Sebuah teriakan melengking menusuk indra pendengaran Arlo ditengah ringisan yang pria itu keluarkan. Berakhir dengan bergema dalam heningnya atmosfer ruangan, suara itu kembali terdengar.
"Apa yang sudah kau lakukan?" tanyanya dengan nada menuntut.
Arlo berusaha berdiri dengan menopangkan tangannya pada karpet berudu yang menyelimuti seluruh lantai dalam ruangan besar itu sebelum berdiri setelah susah payah menyeimbangkan tubuhnya.
"Setidaknya berikan aku waktu untuk bersiap-siap, pukulan tadi terlalu tiba-tiba madam," protes Arlo kemudian berjalan terseok-seok mendekati meja kerja wanita itu dan melempar dirinya ke sofa empuk didepannya.
Seorang wanita kisaran umur lima puluhan dengan rambut hitam yang menjuntai sebagian diikuti tusuk konde emas dibelakang. Bersamaan dengan bingkai kacamata petak emasnya, iya semuanya serba emas kecuali warna lipstiknya yang merah pekat dan gaun wanita itu, layaknya disiram wine merah, gaun model lengan panjang dengan model polos membuatnya tampak seperti nenek sihir yang jahat seperti di film-film.

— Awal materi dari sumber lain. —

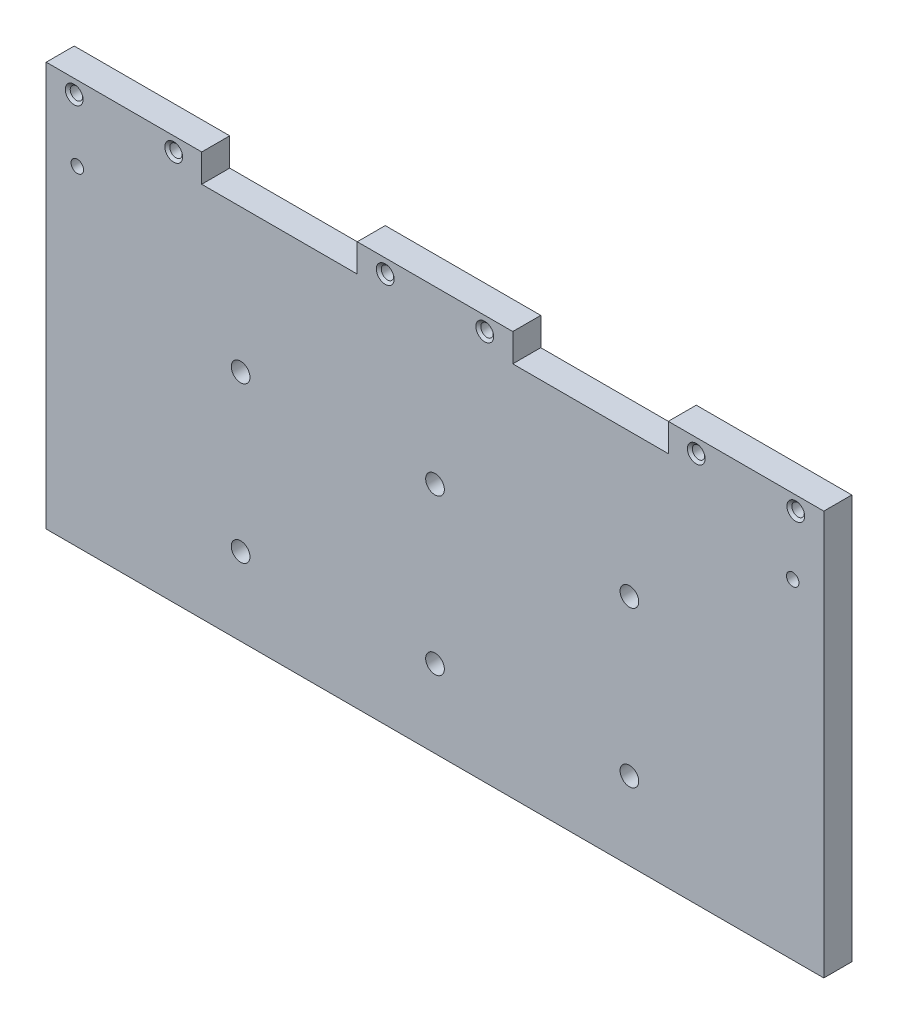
ISO-10303-21;
HEADER;
FILE_DESCRIPTION(('STEP AP214'),'2;1');
FILE_NAME('part.step','',(''),(''),'','','');
FILE_SCHEMA(('AUTOMOTIVE_DESIGN { 1 0 10303 214 1 1 1 1 }'));
ENDSEC;
DATA;
#1=APPLICATION_CONTEXT('core data for automotive mechanical design processes');
#2=APPLICATION_PROTOCOL_DEFINITION('international standard','automotive_design',2000,#1);
#3=PRODUCT_CONTEXT('',#1,'mechanical');
#4=PRODUCT('Part','Part','',(#3));
#5=PRODUCT_RELATED_PRODUCT_CATEGORY('part','',(#4));
#6=PRODUCT_DEFINITION_FORMATION('','',#4);
#7=PRODUCT_DEFINITION_CONTEXT('part definition',#1,'design');
#8=PRODUCT_DEFINITION('design','',#6,#7);
#9=PRODUCT_DEFINITION_SHAPE('','',#8);
#10=(LENGTH_UNIT() NAMED_UNIT(*) SI_UNIT(.MILLI.,.METRE.));
#11=(NAMED_UNIT(*) PLANE_ANGLE_UNIT() SI_UNIT($,.RADIAN.));
#12=(NAMED_UNIT(*) SI_UNIT($,.STERADIAN.) SOLID_ANGLE_UNIT());
#13=UNCERTAINTY_MEASURE_WITH_UNIT(LENGTH_MEASURE(1.E-05),#10,'distance_accuracy_value','');
#14=(GEOMETRIC_REPRESENTATION_CONTEXT(3) GLOBAL_UNCERTAINTY_ASSIGNED_CONTEXT((#13)) GLOBAL_UNIT_ASSIGNED_CONTEXT((#10,
#11,#12)) REPRESENTATION_CONTEXT('',''));
#15=CARTESIAN_POINT('',(0.,0.,0.));
#16=DIRECTION('',(0.,0.,1.));
#17=DIRECTION('',(1.,0.,0.));
#18=AXIS2_PLACEMENT_3D('',#15,#16,#17);
#19=CARTESIAN_POINT('',(-49.0030507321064,68.9522655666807,9.));
#20=DIRECTION('',(1.,0.,0.));
#21=DIRECTION('',(0.,1.,0.));
#22=AXIS2_PLACEMENT_3D('',#19,#20,#21);
#23=PLANE('',#22);
#24=DIRECTION('',(0.,-1.,0.));
#25=VECTOR('',#24,1.);
#26=CARTESIAN_POINT('',(-49.0030507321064,68.9522655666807,0.));
#27=LINE('',#26,#25);
#28=CARTESIAN_POINT('',(-49.0030507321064,68.9522655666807,0.));
#29=VERTEX_POINT('',#28);
#30=CARTESIAN_POINT('',(-49.0030507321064,-61.0477344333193,0.));
#31=VERTEX_POINT('',#30);
#32=EDGE_CURVE('E157',#29,#31,#27,.T.);
#33=ORIENTED_EDGE('',*,*,#32,.T.);
#34=DIRECTION('',(0.,0.,-1.));
#35=VECTOR('',#34,1.);
#36=CARTESIAN_POINT('',(-49.0030507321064,-61.0477344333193,9.));
#37=LINE('',#36,#35);
#38=CARTESIAN_POINT('',(-49.0030507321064,-61.0477344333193,9.));
#39=VERTEX_POINT('',#38);
#40=EDGE_CURVE('E11',#39,#31,#37,.T.);
#41=ORIENTED_EDGE('',*,*,#40,.F.);
#42=DIRECTION('',(0.,-1.,0.));
#43=VECTOR('',#42,1.);
#44=CARTESIAN_POINT('',(-49.0030507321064,68.9522655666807,9.));
#45=LINE('',#44,#43);
#46=CARTESIAN_POINT('',(-49.0030507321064,68.9522655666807,9.));
#47=VERTEX_POINT('',#46);
#48=EDGE_CURVE('E180',#47,#39,#45,.T.);
#49=ORIENTED_EDGE('',*,*,#48,.F.);
#50=DIRECTION('',(0.,0.,-1.));
#51=VECTOR('',#50,1.);
#52=CARTESIAN_POINT('',(-49.0030507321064,68.9522655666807,9.));
#53=LINE('',#52,#51);
#54=EDGE_CURVE('E153',#47,#29,#53,.T.);
#55=ORIENTED_EDGE('',*,*,#54,.T.);
#56=EDGE_LOOP('',(#33,#41,#49,#55));
#57=FACE_BOUND('',#56,.T.);
#58=ADVANCED_FACE('F35',(#57),#23,.F.);
#59=CARTESIAN_POINT('',(-49.0030507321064,-61.0477344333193,9.));
#60=DIRECTION('',(0.,1.,0.));
#61=DIRECTION('',(0.,0.,1.));
#62=AXIS2_PLACEMENT_3D('',#59,#60,#61);
#63=PLANE('',#62);
#64=DIRECTION('',(1.,0.,0.));
#65=VECTOR('',#64,1.);
#66=CARTESIAN_POINT('',(-49.0030507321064,-61.0477344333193,0.));
#67=LINE('',#66,#65);
#68=CARTESIAN_POINT('',(200.996949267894,-61.0477344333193,0.));
#69=VERTEX_POINT('',#68);
#70=EDGE_CURVE('E160',#31,#69,#67,.T.);
#71=ORIENTED_EDGE('',*,*,#70,.T.);
#72=DIRECTION('',(0.,0.,-1.));
#73=VECTOR('',#72,1.);
#74=CARTESIAN_POINT('',(200.996949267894,-61.0477344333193,9.));
#75=LINE('',#74,#73);
#76=CARTESIAN_POINT('',(200.996949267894,-61.0477344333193,9.));
#77=VERTEX_POINT('',#76);
#78=EDGE_CURVE('E44',#77,#69,#75,.T.);
#79=ORIENTED_EDGE('',*,*,#78,.F.);
#80=DIRECTION('',(1.,0.,0.));
#81=VECTOR('',#80,1.);
#82=CARTESIAN_POINT('',(-49.0030507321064,-61.0477344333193,9.));
#83=LINE('',#82,#81);
#84=EDGE_CURVE('E108',#39,#77,#83,.T.);
#85=ORIENTED_EDGE('',*,*,#84,.F.);
#86=ORIENTED_EDGE('',*,*,#40,.T.);
#87=EDGE_LOOP('',(#71,#79,#85,#86));
#88=FACE_BOUND('',#87,.T.);
#89=ADVANCED_FACE('F301',(#88),#63,.F.);
#90=CARTESIAN_POINT('',(200.996949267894,68.9522655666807,9.));
#91=DIRECTION('',(-1.,0.,0.));
#92=DIRECTION('',(0.,-1.,0.));
#93=AXIS2_PLACEMENT_3D('',#90,#91,#92);
#94=PLANE('',#93);
#95=DIRECTION('',(0.,1.,0.));
#96=VECTOR('',#95,1.);
#97=CARTESIAN_POINT('',(200.996949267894,68.9522655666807,0.));
#98=LINE('',#97,#96);
#99=CARTESIAN_POINT('',(200.996949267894,68.9522655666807,0.));
#100=VERTEX_POINT('',#99);
#101=EDGE_CURVE('E163',#69,#100,#98,.T.);
#102=ORIENTED_EDGE('',*,*,#101,.T.);
#103=DIRECTION('',(0.,0.,-1.));
#104=VECTOR('',#103,1.);
#105=CARTESIAN_POINT('',(200.996949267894,68.9522655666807,9.));
#106=LINE('',#105,#104);
#107=CARTESIAN_POINT('',(200.996949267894,68.9522655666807,9.));
#108=VERTEX_POINT('',#107);
#109=EDGE_CURVE('E199',#108,#100,#106,.T.);
#110=ORIENTED_EDGE('',*,*,#109,.F.);
#111=DIRECTION('',(0.,1.,0.));
#112=VECTOR('',#111,1.);
#113=CARTESIAN_POINT('',(200.996949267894,68.9522655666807,9.));
#114=LINE('',#113,#112);
#115=EDGE_CURVE('E260',#77,#108,#114,.T.);
#116=ORIENTED_EDGE('',*,*,#115,.F.);
#117=ORIENTED_EDGE('',*,*,#78,.T.);
#118=EDGE_LOOP('',(#102,#110,#116,#117));
#119=FACE_BOUND('',#118,.T.);
#120=ADVANCED_FACE('F305',(#119),#94,.F.);
#121=CARTESIAN_POINT('',(150.996949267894,68.9522655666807,9.));
#122=DIRECTION('',(0.,-1.,0.));
#123=DIRECTION('',(0.,0.,-1.));
#124=AXIS2_PLACEMENT_3D('',#121,#122,#123);
#125=PLANE('',#124);
#126=DIRECTION('',(-1.,0.,0.));
#127=VECTOR('',#126,1.);
#128=CARTESIAN_POINT('',(150.996949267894,68.9522655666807,0.));
#129=LINE('',#128,#127);
#130=CARTESIAN_POINT('',(150.996949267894,68.9522655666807,0.));
#131=VERTEX_POINT('',#130);
#132=EDGE_CURVE('E165',#100,#131,#129,.T.);
#133=ORIENTED_EDGE('',*,*,#132,.T.);
#134=DIRECTION('',(0.,0.,-1.));
#135=VECTOR('',#134,1.);
#136=CARTESIAN_POINT('',(150.996949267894,68.9522655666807,9.));
#137=LINE('',#136,#135);
#138=CARTESIAN_POINT('',(150.996949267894,68.9522655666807,9.));
#139=VERTEX_POINT('',#138);
#140=EDGE_CURVE('E196',#139,#131,#137,.T.);
#141=ORIENTED_EDGE('',*,*,#140,.F.);
#142=DIRECTION('',(-1.,0.,0.));
#143=VECTOR('',#142,1.);
#144=CARTESIAN_POINT('',(150.996949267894,68.9522655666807,9.));
#145=LINE('',#144,#143);
#146=EDGE_CURVE('E262',#108,#139,#145,.T.);
#147=ORIENTED_EDGE('',*,*,#146,.F.);
#148=ORIENTED_EDGE('',*,*,#109,.T.);
#149=EDGE_LOOP('',(#133,#141,#147,#148));
#150=FACE_BOUND('',#149,.T.);
#151=ADVANCED_FACE('F309',(#150),#125,.F.);
#152=CARTESIAN_POINT('',(150.996949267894,59.9522655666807,9.));
#153=DIRECTION('',(1.,0.,0.));
#154=DIRECTION('',(0.,0.,-1.));
#155=AXIS2_PLACEMENT_3D('',#152,#153,#154);
#156=PLANE('',#155);
#157=DIRECTION('',(0.,-1.,0.));
#158=VECTOR('',#157,1.);
#159=CARTESIAN_POINT('',(150.996949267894,59.9522655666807,0.));
#160=LINE('',#159,#158);
#161=CARTESIAN_POINT('',(150.996949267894,59.9522655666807,0.));
#162=VERTEX_POINT('',#161);
#163=EDGE_CURVE('E167',#131,#162,#160,.T.);
#164=ORIENTED_EDGE('',*,*,#163,.T.);
#165=DIRECTION('',(0.,0.,-1.));
#166=VECTOR('',#165,1.);
#167=CARTESIAN_POINT('',(150.996949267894,59.9522655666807,9.));
#168=LINE('',#167,#166);
#169=CARTESIAN_POINT('',(150.996949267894,59.9522655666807,9.));
#170=VERTEX_POINT('',#169);
#171=EDGE_CURVE('E193',#170,#162,#168,.T.);
#172=ORIENTED_EDGE('',*,*,#171,.F.);
#173=DIRECTION('',(0.,-1.,0.));
#174=VECTOR('',#173,1.);
#175=CARTESIAN_POINT('',(150.996949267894,59.9522655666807,9.));
#176=LINE('',#175,#174);
#177=EDGE_CURVE('E264',#139,#170,#176,.T.);
#178=ORIENTED_EDGE('',*,*,#177,.F.);
#179=ORIENTED_EDGE('',*,*,#140,.T.);
#180=EDGE_LOOP('',(#164,#172,#178,#179));
#181=FACE_BOUND('',#180,.T.);
#182=ADVANCED_FACE('F315',(#181),#156,.F.);
#183=CARTESIAN_POINT('',(100.996949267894,59.9522655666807,9.));
#184=DIRECTION('',(0.,-1.,0.));
#185=DIRECTION('',(0.,0.,-1.));
#186=AXIS2_PLACEMENT_3D('',#183,#184,#185);
#187=PLANE('',#186);
#188=DIRECTION('',(-1.,0.,0.));
#189=VECTOR('',#188,1.);
#190=CARTESIAN_POINT('',(100.996949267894,59.9522655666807,0.));
#191=LINE('',#190,#189);
#192=CARTESIAN_POINT('',(100.996949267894,59.9522655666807,0.));
#193=VERTEX_POINT('',#192);
#194=EDGE_CURVE('E169',#162,#193,#191,.T.);
#195=ORIENTED_EDGE('',*,*,#194,.T.);
#196=DIRECTION('',(0.,0.,-1.));
#197=VECTOR('',#196,1.);
#198=CARTESIAN_POINT('',(100.996949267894,59.9522655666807,9.));
#199=LINE('',#198,#197);
#200=CARTESIAN_POINT('',(100.996949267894,59.9522655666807,9.));
#201=VERTEX_POINT('',#200);
#202=EDGE_CURVE('E190',#201,#193,#199,.T.);
#203=ORIENTED_EDGE('',*,*,#202,.F.);
#204=DIRECTION('',(-1.,0.,0.));
#205=VECTOR('',#204,1.);
#206=CARTESIAN_POINT('',(100.996949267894,59.9522655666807,9.));
#207=LINE('',#206,#205);
#208=EDGE_CURVE('E266',#170,#201,#207,.T.);
#209=ORIENTED_EDGE('',*,*,#208,.F.);
#210=ORIENTED_EDGE('',*,*,#171,.T.);
#211=EDGE_LOOP('',(#195,#203,#209,#210));
#212=FACE_BOUND('',#211,.T.);
#213=ADVANCED_FACE('F319',(#212),#187,.F.);
#214=CARTESIAN_POINT('',(100.996949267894,68.9522655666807,9.));
#215=DIRECTION('',(-1.,0.,0.));
#216=DIRECTION('',(0.,0.,1.));
#217=AXIS2_PLACEMENT_3D('',#214,#215,#216);
#218=PLANE('',#217);
#219=DIRECTION('',(0.,1.,0.));
#220=VECTOR('',#219,1.);
#221=CARTESIAN_POINT('',(100.996949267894,68.9522655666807,0.));
#222=LINE('',#221,#220);
#223=CARTESIAN_POINT('',(100.996949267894,68.9522655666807,0.));
#224=VERTEX_POINT('',#223);
#225=EDGE_CURVE('E171',#193,#224,#222,.T.);
#226=ORIENTED_EDGE('',*,*,#225,.T.);
#227=DIRECTION('',(0.,0.,-1.));
#228=VECTOR('',#227,1.);
#229=CARTESIAN_POINT('',(100.996949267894,68.9522655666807,9.));
#230=LINE('',#229,#228);
#231=CARTESIAN_POINT('',(100.996949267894,68.9522655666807,9.));
#232=VERTEX_POINT('',#231);
#233=EDGE_CURVE('E187',#232,#224,#230,.T.);
#234=ORIENTED_EDGE('',*,*,#233,.F.);
#235=DIRECTION('',(0.,1.,0.));
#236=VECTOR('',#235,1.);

Jika dipikir-pikir ada benarnya juga, bahkan Arlo yang baru saja datang saja sudah diserang.
Wanita yang dipanggil madam itu berdiri dari kursi kerjanya kemudian berjalan menghampiri Arlo yang sibuk memejamkan matanya sembari meredam kesakitannya beberapa waktu lalu.
"Ini adalah salahmu karena asal menarik orang ke dalam dunia ini. Jangan protes kepadaku karena aku juga sedang pusing sekarang!" balas Arlo tak kalah melengking dari suara wanita itu.
Wanita itu berdiri di belakang sofa Arlo kemudian mendaratkan jari telunjuknya yang sangat tajam akan kuku panjangnya itu, "Apa kau bilang? Semua itu terjadi karena kau telat datang saat insiden dikantin terjadi anak bodoh," desisnya dengan suara tajamnya sebelum berbalik dan kembali duduk di meja kerjanya.
"Aku juga tidak menyangka gadis itu akan ikut campur dengan masalah dikantin. Dia benar-benar berbeda dari pemain figuran yang lain," Arlo menegakkan punggungnya kemudian memijat pelipisnya.
"Kalau begitu itu adalah tugasmu untuk menjauhkannya atau kalau perlu mengurungnya di kamarmu bukan malah membantunya mendapatkan posisi disana!" teriakan melengking itu sekali lagi bergema diantara heningnya suasana.
Wanita itu kemudian menekan tombol ujung mesin ketiknya secara berulang yang langsung mendapat perhatian Arlo.
"Arlo, kau tahu kan apa yang bisa kulakukan dengan jari-jari cantikku ini?" tanyanya sembari menaikkan alis kananya, wajahnya yang menyeramkan itu mendukungnya untuk menjadi peran antagonis.
"Kau sudah melihatnya tadi," lanjutnya membuat Arlo memutar bola matanya malas. Bahkan punggungnya itu masih terasa panas dan sekarang pedih ketika bergesekan dengan kaosnya.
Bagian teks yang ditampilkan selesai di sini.